Also, I don't see why this argument doesn't equally prove that 2D films will never work.

When you look at an image that has different objects at different depth levels

image

the way that "in real life" you would know that they are at different depth levels is that your eyes would converge different amounts to see them (also, there's parallax between the two eyes, which is what causes binocular depth perception to begin with), but even if you were one-eyed, you would expect to change the focus of your eye as you look deep into a scene. But you don't when you look at a 2D image, because the 2D image is just one distance from your eye, regardless of how much depth the image is supposed to suggest.

It's almost the same situation as the 3D argument. Shouldn't your brain get confused that you're seeing things that, depending on how you look at them, seem like they both are and are not at different depths?

Yet we can see 2D films just fine.

I have heard that there are cultures that can't understand 2D images with only perspective (scaling) depth cues. I'm not sure if that goes for photographs / films as well as drawings. If so, it probably does indicate that looking at 2D images is unnatural, but that the brain can "learn" to understand them and adjust.

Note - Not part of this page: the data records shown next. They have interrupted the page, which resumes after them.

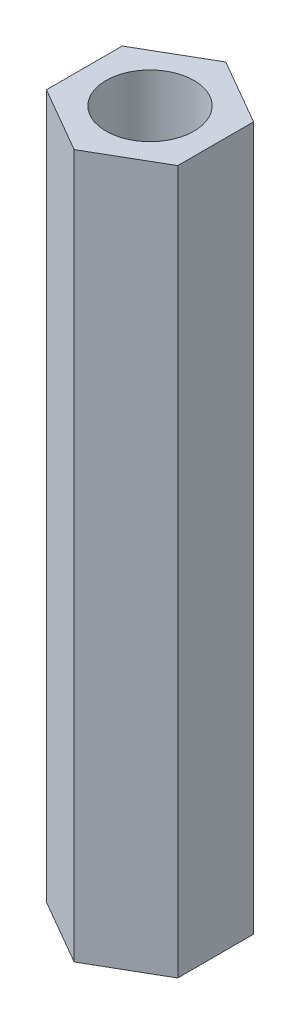
ISO-10303-21;
HEADER;
FILE_DESCRIPTION(('STEP AP214'),'2;1');
FILE_NAME('part.step','',(''),(''),'','','');
FILE_SCHEMA(('AUTOMOTIVE_DESIGN { 1 0 10303 214 1 1 1 1 }'));
ENDSEC;
DATA;
#1=APPLICATION_CONTEXT('core data for automotive mechanical design processes');
#2=APPLICATION_PROTOCOL_DEFINITION('international standard','automotive_design',2000,#1);
#3=PRODUCT_CONTEXT('',#1,'mechanical');
#4=PRODUCT('Part','Part','',(#3));
#5=PRODUCT_RELATED_PRODUCT_CATEGORY('part','',(#4));
#6=PRODUCT_DEFINITION_FORMATION('','',#4);
#7=PRODUCT_DEFINITION_CONTEXT('part definition',#1,'design');
#8=PRODUCT_DEFINITION('design','',#6,#7);
#9=PRODUCT_DEFINITION_SHAPE('','',#8);
#10=(LENGTH_UNIT() NAMED_UNIT(*) SI_UNIT(.MILLI.,.METRE.));
#11=(NAMED_UNIT(*) PLANE_ANGLE_UNIT() SI_UNIT($,.RADIAN.));
#12=(NAMED_UNIT(*) SI_UNIT($,.STERADIAN.) SOLID_ANGLE_UNIT());
#13=UNCERTAINTY_MEASURE_WITH_UNIT(LENGTH_MEASURE(1.E-05),#10,'distance_accuracy_value','');
#14=(GEOMETRIC_REPRESENTATION_CONTEXT(3) GLOBAL_UNCERTAINTY_ASSIGNED_CONTEXT((#13)) GLOBAL_UNIT_ASSIGNED_CONTEXT((#10,
#11,#12)) REPRESENTATION_CONTEXT('',''));
#15=CARTESIAN_POINT('',(0.,0.,0.));
#16=DIRECTION('',(0.,0.,1.));
#17=DIRECTION('',(1.,0.,0.));
#18=AXIS2_PLACEMENT_3D('',#15,#16,#17);
#19=CARTESIAN_POINT('',(0.,19.05,0.));
#20=DIRECTION('',(0.,1.,0.));
#21=DIRECTION('',(0.,0.,1.));
#22=AXIS2_PLACEMENT_3D('',#19,#20,#21);
#23=PLANE('',#22);
#24=DIRECTION('',(0.866025403784438,0.,0.5));
#25=VECTOR('',#24,1.);
#26=CARTESIAN_POINT('',(-1.778,19.05,1.02652877861915));
#27=LINE('',#26,#25);
#28=CARTESIAN_POINT('',(-1.778,19.05,1.02652877861915));
#29=VERTEX_POINT('',#28);
#30=CARTESIAN_POINT('',(0.,19.05,2.05305755723831));
#31=VERTEX_POINT('',#30);
#32=EDGE_CURVE('E129',#29,#31,#27,.T.);
#33=ORIENTED_EDGE('',*,*,#32,.T.);
#34=DIRECTION('',(0.866025403784439,0.,-0.5));
#35=VECTOR('',#34,1.);
#36=CARTESIAN_POINT('',(0.,19.05,2.05305755723831));
#37=LINE('',#36,#35);
#38=CARTESIAN_POINT('',(1.778,19.05,1.02652877861915));
#39=VERTEX_POINT('',#38);
#40=EDGE_CURVE('E87',#31,#39,#37,.T.);
#41=ORIENTED_EDGE('',*,*,#40,.T.);
#42=DIRECTION('',(0.,0.,-1.));
#43=VECTOR('',#42,1.);
#44=CARTESIAN_POINT('',(1.778,19.05,1.02652877861915));
#45=LINE('',#44,#43);
#46=CARTESIAN_POINT('',(1.778,19.05,-1.02652877861915));
#47=VERTEX_POINT('',#46);
#48=EDGE_CURVE('E100',#39,#47,#45,.T.);
#49=ORIENTED_EDGE('',*,*,#48,.T.);
#50=DIRECTION('',(-0.866025403784439,0.,-0.5));
#51=VECTOR('',#50,1.);
#52=CARTESIAN_POINT('',(1.778,19.05,-1.02652877861915));
#53=LINE('',#52,#51);
#54=CARTESIAN_POINT('',(0.,19.05,-2.05305755723831));
#55=VERTEX_POINT('',#54);
#56=EDGE_CURVE('E94',#47,#55,#53,.T.);
#57=ORIENTED_EDGE('',*,*,#56,.T.);
#58=DIRECTION('',(-0.866025403784439,0.,0.5));
#59=VECTOR('',#58,1.);
#60=CARTESIAN_POINT('',(0.,19.05,-2.05305755723831));
#61=LINE('',#60,#59);
#62=CARTESIAN_POINT('',(-1.778,19.05,-1.02652877861915));
#63=VERTEX_POINT('',#62);
#64=EDGE_CURVE('E98',#55,#63,#61,.T.);
#65=ORIENTED_EDGE('',*,*,#64,.T.);
#66=DIRECTION('',(0.,0.,1.));
#67=VECTOR('',#66,1.);
#68=CARTESIAN_POINT('',(-1.778,19.05,-1.02652877861915));
#69=LINE('',#68,#67);
#70=EDGE_CURVE('E50',#63,#29,#69,.T.);
#71=ORIENTED_EDGE('',*,*,#70,.T.);
#72=EDGE_LOOP('',(#33,#41,#49,#57,#65,#71));
#73=FACE_BOUND('',#72,.T.);
#74=CARTESIAN_POINT('',(0.,19.05,0.));
#75=DIRECTION('',(0.,1.,0.));
#76=DIRECTION('',(0.,0.,1.));
#77=AXIS2_PLACEMENT_3D('',#74,#75,#76);
#78=CIRCLE('',#77,1.190625);
#79=CARTESIAN_POINT('',(0.,19.05,-1.190625));
#80=VERTEX_POINT('',#79);
#81=EDGE_CURVE('E122',#80,#80,#78,.T.);
#82=ORIENTED_EDGE('',*,*,#81,.F.);
#83=EDGE_LOOP('',(#82));
#84=FACE_BOUND('',#83,.T.);
#85=ADVANCED_FACE('F33',(#73,#84),#23,.T.);
#86=CARTESIAN_POINT('',(0.,0.,0.));
#87=DIRECTION('',(0.,1.,0.));
#88=DIRECTION('',(0.,0.,1.));
#89=AXIS2_PLACEMENT_3D('',#86,#87,#88);
#90=PLANE('',#89);
#91=DIRECTION('',(0.866025403784438,0.,0.5));
#92=VECTOR('',#91,1.);
#93=CARTESIAN_POINT('',(-1.778,0.,1.02652877861915));
#94=LINE('',#93,#92);
#95=CARTESIAN_POINT('',(-1.778,0.,1.02652877861915));
#96=VERTEX_POINT('',#95);
#97=CARTESIAN_POINT('',(0.,0.,2.05305755723831));
#98=VERTEX_POINT('',#97);
#99=EDGE_CURVE('E118',#96,#98,#94,.T.);
#100=ORIENTED_EDGE('',*,*,#99,.F.);
#101=DIRECTION('',(0.,0.,1.));
#102=VECTOR('',#101,1.);
#103=CARTESIAN_POINT('',(-1.778,0.,-1.02652877861915));
#104=LINE('',#103,#102);
#105=CARTESIAN_POINT('',(-1.778,0.,-1.02652877861915));
#106=VERTEX_POINT('',#105);
#107=EDGE_CURVE('E79',#106,#96,#104,.T.);
#108=ORIENTED_EDGE('',*,*,#107,.F.);
#109=DIRECTION('',(-0.866025403784439,0.,0.5));
#110=VECTOR('',#109,1.);
#111=CARTESIAN_POINT('',(0.,0.,-2.05305755723831));
#112=LINE('',#111,#110);
#113=CARTESIAN_POINT('',(0.,0.,-2.05305755723831));
#114=VERTEX_POINT('',#113);
#115=EDGE_CURVE('E73',#114,#106,#112,.T.);
#116=ORIENTED_EDGE('',*,*,#115,.F.);
#117=DIRECTION('',(-0.866025403784439,0.,-0.5));
#118=VECTOR('',#117,1.);
#119=CARTESIAN_POINT('',(1.778,0.,-1.02652877861915));
#120=LINE('',#119,#118);
#121=CARTESIAN_POINT('',(1.778,0.,-1.02652877861915));
#122=VERTEX_POINT('',#121);
#123=EDGE_CURVE('E108',#122,#114,#120,.T.);
#124=ORIENTED_EDGE('',*,*,#123,.F.);
#125=DIRECTION('',(0.,0.,-1.));
#126=VECTOR('',#125,1.);
#127=CARTESIAN_POINT('',(1.778,0.,1.02652877861915));
#128=LINE('',#127,#126);
#129=CARTESIAN_POINT('',(1.778,0.,1.02652877861915));
#130=VERTEX_POINT('',#129);
#131=EDGE_CURVE('E124',#130,#122,#128,.T.);
#132=ORIENTED_EDGE('',*,*,#131,.F.);
#133=DIRECTION('',(0.866025403784439,0.,-0.5));
#134=VECTOR('',#133,1.);
#135=CARTESIAN_POINT('',(0.,0.,2.05305755723831));
#136=LINE('',#135,#134);
#137=EDGE_CURVE('E121',#98,#130,#136,.T.);
#138=ORIENTED_EDGE('',*,*,#137,.F.);
#139=EDGE_LOOP('',(#100,#108,#116,#124,#132,#138));
#140=FACE_BOUND('',#139,.T.);
#141=CARTESIAN_POINT('',(0.,0.,0.));
#142=DIRECTION('',(0.,1.,0.));
#143=DIRECTION('',(0.,0.,1.));
#144=AXIS2_PLACEMENT_3D('',#141,#142,#143);
#145=CIRCLE('',#144,1.190625);
#146=CARTESIAN_POINT('',(0.,0.,-1.190625));
#147=VERTEX_POINT('',#146);
#148=EDGE_CURVE('E222',#147,#147,#145,.T.);
#149=ORIENTED_EDGE('',*,*,#148,.T.);
#150=EDGE_LOOP('',(#149));
#151=FACE_BOUND('',#150,.T.);
#152=ADVANCED_FACE('F138',(#140,#151),#90,.F.);
#153=CARTESIAN_POINT('',(-1.778,19.05,1.02652877861915));
#154=DIRECTION('',(0.5,0.,-0.866025403784439));
#155=DIRECTION('',(-0.866025403784438,0.,-0.5));
#156=AXIS2_PLACEMENT_3D('',#153,#154,#155);
#157=PLANE('',#156);
#158=ORIENTED_EDGE('',*,*,#99,.T.);
#159=DIRECTION('',(0.,-1.,0.));
#160=VECTOR('',#159,1.);
#161=CARTESIAN_POINT('',(0.,19.05,2.05305755723831));
#162=LINE('',#161,#160);
#163=EDGE_CURVE('E11',#31,#98,#162,.T.);
#164=ORIENTED_EDGE('',*,*,#163,.F.);
#165=ORIENTED_EDGE('',*,*,#32,.F.);
#166=DIRECTION('',(0.,-1.,0.));
#167=VECTOR('',#166,1.);
#168=CARTESIAN_POINT('',(-1.778,19.05,1.02652877861915));
#169=LINE('',#168,#167);
#170=EDGE_CURVE('E114',#29,#96,#169,.T.);
#171=ORIENTED_EDGE('',*,*,#170,.T.);
#172=EDGE_LOOP('',(#158,#164,#165,#171));
#173=FACE_BOUND('',#172,.T.);
#174=ADVANCED_FACE('F35',(#173),#157,.F.);
#175=CARTESIAN_POINT('',(0.,19.05,2.05305755723831));
#176=DIRECTION('',(-0.5,0.,-0.866025403784439));
#177=DIRECTION('',(-0.866025403784439,0.,0.5));
#178=AXIS2_PLACEMENT_3D('',#175,#176,#177);
#179=PLANE('',#178);
#180=ORIENTED_EDGE('',*,*,#137,.T.);
#181=DIRECTION('',(0.,-1.,0.));
#182=VECTOR('',#181,1.);
#183=CARTESIAN_POINT('',(1.778,19.05,1.02652877861915));
#184=LINE('',#183,#182);
#185=EDGE_CURVE('E42',#39,#130,#184,.T.);
#186=ORIENTED_EDGE('',*,*,#185,.F.);
#187=ORIENTED_EDGE('',*,*,#40,.F.);
#188=ORIENTED_EDGE('',*,*,#163,.T.);
#189=EDGE_LOOP('',(#180,#186,#187,#188));
#190=FACE_BOUND('',#189,.T.);
#191=ADVANCED_FACE('F163',(#190),#179,.F.);
#192=CARTESIAN_POINT('',(1.778,19.05,1.02652877861915));
#193=DIRECTION('',(-1.,0.,0.));
#194=DIRECTION('',(0.,0.,1.));
#195=AXIS2_PLACEMENT_3D('',#192,#193,#194);
#196=PLANE('',#195);
#197=ORIENTED_EDGE('',*,*,#131,.T.);
#198=DIRECTION('',(0.,-1.,0.));
#199=VECTOR('',#198,1.);
#200=CARTESIAN_POINT('',(1.778,19.05,-1.02652877861915));
#201=LINE('',#200,#199);
#202=EDGE_CURVE('E109',#47,#122,#201,.T.);
#203=ORIENTED_EDGE('',*,*,#202,.F.);
#204=ORIENTED_EDGE('',*,*,#48,.F.);
#205=ORIENTED_EDGE('',*,*,#185,.T.);
#206=EDGE_LOOP('',(#197,#203,#204,#205));
#207=FACE_BOUND('',#206,.T.);
#208=ADVANCED_FACE('F135',(#207),#196,.F.);
#209=CARTESIAN_POINT('',(1.778,19.05,-1.02652877861915));
#210=DIRECTION('',(-0.5,0.,0.866025403784439));
#211=DIRECTION('',(0.866025403784438,0.,0.5));
#212=AXIS2_PLACEMENT_3D('',#209,#210,#211);
#213=PLANE('',#212);
#214=ORIENTED_EDGE('',*,*,#123,.T.);
#215=DIRECTION('',(0.,-1.,0.));
#216=VECTOR('',#215,1.);
#217=CARTESIAN_POINT('',(0.,19.05,-2.05305755723831));
#218=LINE('',#217,#216);
#219=EDGE_CURVE('E105',#55,#114,#218,.T.);
#220=ORIENTED_EDGE('',*,*,#219,.F.);
#221=ORIENTED_EDGE('',*,*,#56,.F.);
#222=ORIENTED_EDGE('',*,*,#202,.T.);
#223=EDGE_LOOP('',(#214,#220,#221,#222));
#224=FACE_BOUND('',#223,.T.);
#225=ADVANCED_FACE('F106',(#224),#213,.F.);
#226=CARTESIAN_POINT('',(0.,19.05,-2.05305755723831));
#227=DIRECTION('',(0.5,0.,0.866025403784439));
#228=DIRECTION('',(0.866025403784439,0.,-0.5));
#229=AXIS2_PLACEMENT_3D('',#226,#227,#228);
#230=PLANE('',#229);
#231=ORIENTED_EDGE('',*,*,#115,.T.);
#232=DIRECTION('',(0.,-1.,0.));
#233=VECTOR('',#232,1.);
#234=CARTESIAN_POINT('',(-1.778,19.05,-1.02652877861915));
#235=LINE('',#234,#233);
#236=EDGE_CURVE('E110',#63,#106,#235,.T.);
#237=ORIENTED_EDGE('',*,*,#236,.F.);
#238=ORIENTED_EDGE('',*,*,#64,.F.);
#239=ORIENTED_EDGE('',*,*,#219,.T.);
#240=EDGE_LOOP('',(#231,#237,#238,#239));
#241=FACE_BOUND('',#240,.T.);
#242=ADVANCED_FACE('F112',(#241),#230,.F.);
#243=CARTESIAN_POINT('',(-1.778,19.05,-1.02652877861915));
#244=DIRECTION('',(1.,0.,0.));
#245=DIRECTION('',(0.,0.,-1.));
#246=AXIS2_PLACEMENT_3D('',#243,#244,#245);
#247=PLANE('',#246);
#248=ORIENTED_EDGE('',*,*,#107,.T.);
#249=ORIENTED_EDGE('',*,*,#170,.F.);
#250=ORIENTED_EDGE('',*,*,#70,.F.);
#251=ORIENTED_EDGE('',*,*,#236,.T.);
#252=EDGE_LOOP('',(#248,#249,#250,#251));
#253=FACE_BOUND('',#252,.T.);
#254=ADVANCED_FACE('F143',(#253),#247,.F.);
#255=CARTESIAN_POINT('',(0.,19.05,0.));
#256=DIRECTION('',(0.,-1.,0.));
#257=DIRECTION('',(0.,0.,-1.));
#258=AXIS2_PLACEMENT_3D('',#255,#256,#257);
#259=CYLINDRICAL_SURFACE('',#258,1.190625);
#260=CARTESIAN_POINT('',(0.,19.05,-1.190625));
#261=CARTESIAN_POINT('',(0.,18.8515625,-1.190625));
#262=CARTESIAN_POINT('',(0.,18.653125,-1.190625));
#263=CARTESIAN_POINT('',(0.,18.25625,-1.190625));
#264=CARTESIAN_POINT('',(0.,18.0578125,-1.190625));
#265=CARTESIAN_POINT('',(0.,17.6609375,-1.190625));
#266=CARTESIAN_POINT('',(0.,17.4625,-1.190625));
#267=CARTESIAN_POINT('',(0.,17.065625,-1.190625));
#268=CARTESIAN_POINT('',(0.,16.8671875,-1.190625));
#269=CARTESIAN_POINT('',(0.,16.4703125,-1.190625));
#270=CARTESIAN_POINT('',(0.,16.271875,-1.190625));
#271=CARTESIAN_POINT('',(0.,15.875,-1.190625));
#272=CARTESIAN_POINT('',(0.,15.6765625,-1.190625));
#273=CARTESIAN_POINT('',(0.,15.2796875,-1.190625));
#274=CARTESIAN_POINT('',(0.,15.08125,-1.190625));
#275=CARTESIAN_POINT('',(0.,14.684375,-1.190625));
#276=CARTESIAN_POINT('',(0.,14.4859375,-1.190625));
#277=CARTESIAN_POINT('',(0.,14.0890625,-1.190625));
#278=CARTESIAN_POINT('',(0.,13.890625,-1.190625));
#279=CARTESIAN_POINT('',(0.,13.49375,-1.190625));
#280=CARTESIAN_POINT('',(0.,13.2953125,-1.190625));
#281=CARTESIAN_POINT('',(0.,12.8984375,-1.190625));
#282=CARTESIAN_POINT('',(0.,12.7,-1.190625));
#283=CARTESIAN_POINT('',(0.,12.303125,-1.190625));
#284=CARTESIAN_POINT('',(0.,12.1046875,-1.190625));
#285=CARTESIAN_POINT('',(0.,11.7078125,-1.190625));
#286=CARTESIAN_POINT('',(0.,11.509375,-1.190625));
#287=CARTESIAN_POINT('',(0.,11.1125,-1.190625));
#288=CARTESIAN_POINT('',(0.,10.9140625,-1.190625));
#289=CARTESIAN_POINT('',(0.,10.5171875,-1.190625));
#290=CARTESIAN_POINT('',(0.,10.31875,-1.190625));
#291=CARTESIAN_POINT('',(0.,9.921875,-1.190625));
#292=CARTESIAN_POINT('',(0.,9.7234375,-1.190625));
#293=CARTESIAN_POINT('',(0.,9.3265625,-1.190625));
#294=CARTESIAN_POINT('',(0.,9.128125,-1.190625));
#295=CARTESIAN_POINT('',(0.,8.73125,-1.190625));
#296=CARTESIAN_POINT('',(0.,8.5328125,-1.190625));
#297=CARTESIAN_POINT('',(0.,8.1359375,-1.190625));
#298=CARTESIAN_POINT('',(0.,7.9375,-1.190625));
#299=CARTESIAN_POINT('',(0.,7.540625,-1.190625));
#300=CARTESIAN_POINT('',(0.,7.3421875,-1.190625));
#301=CARTESIAN_POINT('',(0.,6.9453125,-1.190625));
#302=CARTESIAN_POINT('',(0.,6.746875,-1.190625));
#303=CARTESIAN_POINT('',(0.,6.35,-1.190625));
#304=CARTESIAN_POINT('',(0.,6.1515625,-1.190625));
#305=CARTESIAN_POINT('',(0.,5.7546875,-1.190625));
#306=CARTESIAN_POINT('',(0.,5.55625,-1.190625));
#307=CARTESIAN_POINT('',(0.,5.159375,-1.190625));
#308=CARTESIAN_POINT('',(0.,4.9609375,-1.190625));
#309=CARTESIAN_POINT('',(0.,4.5640625,-1.190625));
#310=CARTESIAN_POINT('',(0.,4.365625,-1.190625));
#311=CARTESIAN_POINT('',(0.,3.96875,-1.190625));
#312=CARTESIAN_POINT('',(0.,3.7703125,-1.190625));
#313=CARTESIAN_POINT('',(0.,3.3734375,-1.190625));
#314=CARTESIAN_POINT('',(0.,3.175,-1.190625));
#315=CARTESIAN_POINT('',(0.,2.778125,-1.190625));
#316=CARTESIAN_POINT('',(0.,2.5796875,-1.190625));
#317=CARTESIAN_POINT('',(0.,2.1828125,-1.190625));
#318=CARTESIAN_POINT('',(0.,1.984375,-1.190625));
#319=CARTESIAN_POINT('',(0.,1.5875,-1.190625));
#320=CARTESIAN_POINT('',(0.,1.3890625,-1.190625));
#321=CARTESIAN_POINT('',(0.,0.992187500000001,-1.190625));
#322=CARTESIAN_POINT('',(0.,0.793750000000001,-1.190625));
#323=CARTESIAN_POINT('',(0.,0.396875,-1.190625));
#324=CARTESIAN_POINT('',(0.,0.1984375,-1.190625));
#325=CARTESIAN_POINT('',(0.,0.,-1.190625));
#326=B_SPLINE_CURVE_WITH_KNOTS('',3,(#260,#261,#262,#263,#264,#265,#266,#267,#268,#269,#270,
#271,#272,#273,#274,#275,#276,#277,#278,#279,#280,#281,#282,#283,#284,#285,#286,#287,#288,#289,
#290,#291,#292,#293,#294,#295,#296,#297,#298,#299,#300,#301,#302,#303,#304,#305,#306,#307,#308,
#309,#310,#311,#312,#313,#314,#315,#316,#317,#318,#319,#320,#321,#322,#323,#324,#325),
.UNSPECIFIED.,.F.,.F.,(4,2,2,2,2,2,2,2,2,2,2,2,2,2,2,2,2,2,2,2,2,2,2,2,2,2,2,2,2,2,2,2,4),(0.,
0.5953125,1.190625,1.7859375,2.38125,2.9765625,3.571875,4.1671875,4.7625,5.3578125,5.953125,
6.5484375,7.14375,7.7390625,8.334375,8.9296875,9.525,10.1203125,10.715625,11.3109375,11.90625,
12.5015625,13.096875,13.6921875,14.2875,14.8828125,15.478125,16.0734375,16.66875,17.2640625,
17.859375,18.4546875,19.05),.UNSPECIFIED.);
#327=EDGE_CURVE('BSEAM145',#80,#147,#326,.T.);
#328=ORIENTED_EDGE('',*,*,#81,.T.);
#329=ORIENTED_EDGE('',*,*,#148,.F.);
#330=ORIENTED_EDGE('',*,*,#327,.T.);
#331=ORIENTED_EDGE('',*,*,#327,.F.);
#332=EDGE_LOOP('',(#328,#330,#329,#331));
#333=FACE_BOUND('',#332,.T.);
#334=ADVANCED_FACE('F145',(#333),#259,.F.);
#335=CLOSED_SHELL('',(#85,#152,#174,#191,#208,#225,#242,#254,#334));
#336=MANIFOLD_SOLID_BREP('B2',#335);
#337=ADVANCED_BREP_SHAPE_REPRESENTATION('',(#18,#336),#14);
#338=SHAPE_DEFINITION_REPRESENTATION(#9,#337);
ENDSEC;
END-ISO-10303-21;

I guess it's also possible that people experience 3D films differently. We usually assume that things (movies, music, whatever) are perceived identically, and that differences of opinions are just that, opinions. But some people's brains just might not work for Avatar, and for others it might. The latter won't be convinced that 3D doesn't work (because they can plainly see that it can), while the others will be much more receptive to arguments that it doesn't



"Without a foothold in the past, we cannot walk towards the future."